Search Pattern (Rabin-Karp Algorithm)

Check each substring in ‘text’ of length ‘m’ and see if they are equal to ‘pattern’.

If we find a match we add the current index (1 - based) in our list ‘ans’.

The steps are as follows:

List stringMatch(string ‘text’, string ‘pattern’)

1. Let ‘n’ = ‘text.length’, ‘m’ = ‘pattern.length’
2. Let ‘ans’ be a list storing the indices of occurrences.
3. For ‘i’ in the range from 0 to ‘n’ - ‘m’ (inclusive):
   • Check whether the substring of ‘text’ from index ‘i’ to ‘i’ + ‘m’ is equal to ‘pattern’ or not.
   • If the substring is equal to ‘pattern’:
     • Add ‘i’ + 1 in ‘ans’.
4. Return ‘ans’.

Rabin-Karp algorithm is a pattern-matching algorithm that uses rolling hash. In the naive approach, we compare each substring of length equal to that of the pattern string. But we can improve it by comparing the hash value of the substring and then comparing the substring only if the hash value matches.

The hash function we are using calculates the hash value in the following way:

Since we are dealing only with lowercase English letters, we have at most 26 different characters. So we assign a value from 0 to 25 to each character. Let the values assigned be:

‘a’ = 0

‘b’ = 1

‘c’ = 2

…

‘z’ = 25

As we can see, the hash code for each character = Their ASCII code - 97 (ASCII code of ‘a’)

If the string is “code”, its hash value = 2 * 26^3 + 14 * 26^2 + 3 * 26^1 + 4 * 26^0 = 44698.

In the case of longer strings, hash values can be bigger, so we will use modular arithmetic.

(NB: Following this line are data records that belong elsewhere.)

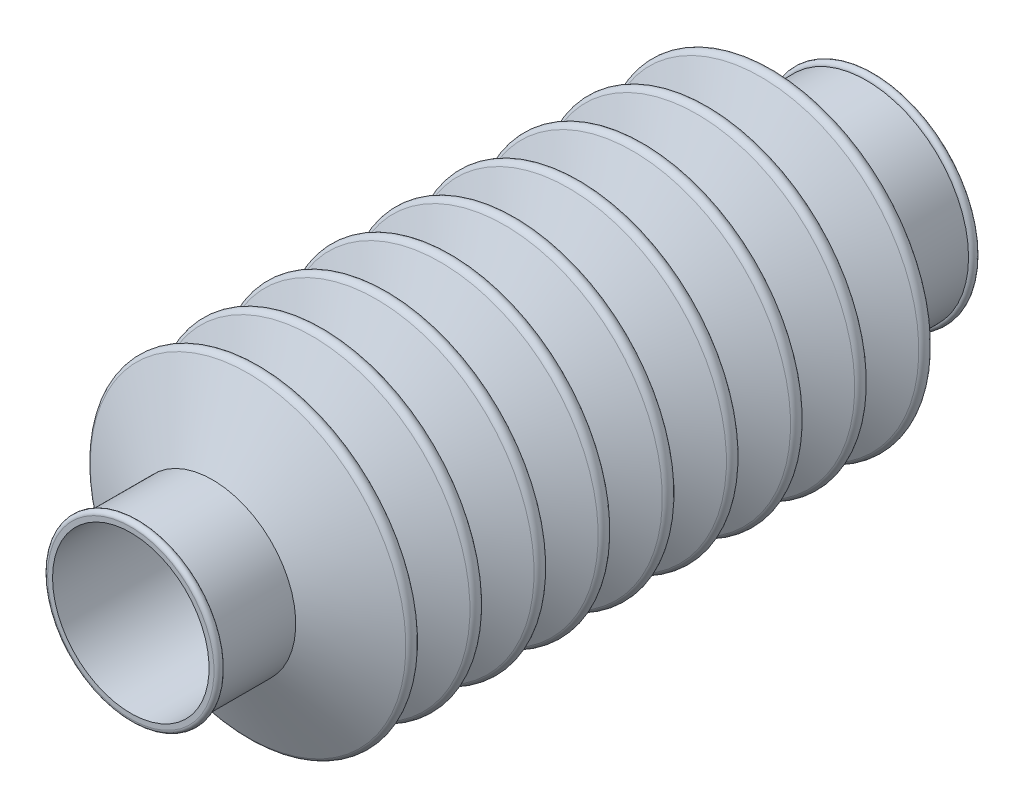
SolidWorks part; units mm, degrees
material "Rubber"
ref_plane "Front Plane" through (0, 0, 0) normal (0, 0, 1) x (1, 0, 0)
ref_plane "Top Plane" through (0, 0, 0) normal (0, 1, 0) x (1, 0, 0)
ref_plane "Right Plane" through (0, 0, 0) normal (1, 0, 0) x (0, 0, -1)
sketch "Sketch2" plane through (0, 0, 0) normal (0, 1, 0) x (1, 0, 0)
  line L0 (0, 18) -> (0, -107.6242) construction
  line L1 (-12.7, -107.6242) -> (12.7, -107.6242) construction
  line L2 (16.5723, -15.0761) -> (25.6011, -10.7772)
  line L3 (15.875, 18) -> (16.5723, 18)
  line L4 (15.875, 0) -> (15.875, 26.3062) construction
  line L5 (16.5723, 16.7311) -> (16.5723, 5.7311)
  line L6 (-16.7573, 0.5293) -> (59.1316, 0.5293) construction
  line L7 (15.875, 18) -> (15.875, -2.8424)
  line L8 (16.5723, 5.7311) -> (25.6011, 1.4322)
  line L9 (16.5723, -4.6725) -> (25.6011, -0.3736)
  line L10 (16.5723, -4.6725) -> (25.6011, -8.9715)
  line L11 (16.5723, -25.4797) -> (25.6011, -21.1808)
  line L12 (16.5723, -15.0761) -> (25.6011, -19.3751)
  line L13 (16.5723, -35.8834) -> (25.6011, -31.5844)
  line L14 (16.5723, -25.4797) -> (25.6011, -29.7787)
  line L15 (16.5723, -46.287) -> (25.6011, -41.988)
  line L16 (16.5723, -35.8834) -> (25.6011, -40.1823)
  line L17 (16.5723, -56.6906) -> (25.6011, -52.3916)
  line L18 (16.5723, -46.287) -> (25.6011, -50.5859)
  line L19 (16.5723, -67.0942) -> (25.6011, -62.7953)
  line L20 (16.5723, -56.6906) -> (25.6011, -60.9895)
  line L21 (16.5723, -77.4978) -> (25.6011, -73.1989)
  line L22 (16.5723, -67.0942) -> (25.6011, -71.3931)
  line L23 (16.5723, -87.9014) -> (25.6011, -83.6025)
  line L24 (16.5723, -77.4978) -> (25.6011, -81.7967)
  line L25 (15.875, -2.8424) -> (12.7, -2.8424)
  line L26 (12.7, -106.1242) -> (12.7, 246.4758) construction
  line L27 (12.7, -2.8424) -> (12.7, -102.6242)
  line L28 (12.7, -102.6242) -> (13.5, -102.6242)
  line L29 (16.5723, -87.9014) -> (13.5, -89.3642)
  line L30 (13.5, -101.3642) -> (13.5, -89.3642)
  arc A0 (16.5723, 18) -> (16.5723, 16.7311) centre (16.5723, 17.3655) cw
  arc A1 (25.6011, 1.4322) -> (25.6011, -0.3736) centre (25.1712, 0.5293) cw
  arc A2 (25.6011, -8.9715) -> (25.6011, -10.7772) centre (25.1712, -9.8743) cw
  arc A3 (25.6011, -19.3751) -> (25.6011, -21.1808) centre (25.1712, -20.2779) cw
  arc A4 (25.6011, -29.7787) -> (25.6011, -31.5844) centre (25.1712, -30.6815) cw
  arc A5 (25.6011, -40.1823) -> (25.6011, -41.988) centre (25.1712, -41.0852) cw
  arc A6 (25.6011, -50.5859) -> (25.6011, -52.3916) centre (25.1712, -51.4888) cw
  arc A7 (25.6011, -60.9895) -> (25.6011, -62.7953) centre (25.1712, -61.8924) cw
  arc A8 (25.6011, -71.3931) -> (25.6011, -73.1989) centre (25.1712, -72.296) cw
  arc A9 (25.6011, -81.7967) -> (25.6011, -83.6025) centre (25.1712, -82.6996) cw
  arc A10 (13.5, -102.6242) -> (13.5, -101.3642) centre (13.5, -101.9942) ccw
  dimension "D3" = 0.6345
  dimension "D4" = 10
  dimension "D7" = 9
  dimension "D8" = 0.63
  dimension "D6" = 1
  dimension "D1" = 18
  dimension "D2" = 0.6973
  dimension "D5" = 11
  dimension "D9" = 0.8
  dimension "D10" = 5
  dimension "D11" = 12
revolve "Revolve1" add sketch "Sketch2" angle 360 about L0

For rolling hash function:

If our string is “codes” and we are considering substrings of length 4:

The hash value of:

“code” = 2 * 26^3 + 14 * 26^2 + 3 * 26^1 + 4 * 26^0 = 44698

“odes” = 14 * 26^3 + 3 * 26^2 + 4 * 26^1 + 18 * 26^0 = 248214

As we can see, the difference between them is:

• The first character is removed.
• The last character is added.
• All other characters have 1 extra power of 26.

So the hash value of “odes” = (Hash value of “code” - 2 * 26^3) * 26 + 18

Generalizing this idea, the hash value of the current substring = (Hash value of previous substring - Hash code of the first character in previous substring * 26^(length of substring - 1)) * 26 + Hash code of last character in the current substring

Our algorithm computes the hash value of each substring of ‘text’ of length equal to that of ‘pattern’ and compares it to the hash value of ‘pattern’. If both the hash values are equal, then it does a full match at that particular index.

The steps are as follows (please note that all arithmetic operations are modulo 10^9 + 7):

Int searchPatternRabinKarp(string ‘text’, string ‘pattern’)

1. Let ‘n’ = ‘text.length’, ‘m’ = ‘pattern.length’
2. Let ‘ans’ be an empty list of integers.
3. Let ‘maxPow’ = 26 ^ (‘m’ - 1)
4. Let ‘hashPattern’ = 0, ‘hashText’ = 0.
5. For ‘i’ in the range from 0 to ‘m’ - 1 (both inclusive):
   • ‘hashPattern’ = ‘hashPattern’ * 26 + (‘pattern[i]’ - 97)
6. For ‘i’ in the range from 0 to ‘m’ - 2:
   • ‘hashText’ = ‘hashText’ * 26 + (‘text[i]’ - 97)
7. For ‘i’ in the range from 0 to ‘n’ - ‘m’:
   • ‘hashText’ = ‘hashText’ * 26 + (‘text[i + ‘pattern.length’ - 1]’ - 97)
   • If the hash values ‘hashText’ and ‘hashPattern’ are equal:
     • Check whether the substring of ‘text’ from index ‘i’ to ‘i’ + ‘m’ is equal to ‘pattern’ or not.
     • If the substring is equal to ‘pattern’:
       • Add ‘i’ + 1 in ‘ans’.
   • ‘hashText’ = ‘hashText’ - ‘maxPow’ * (‘text[i]’ - 97)
8. Return ‘ans’.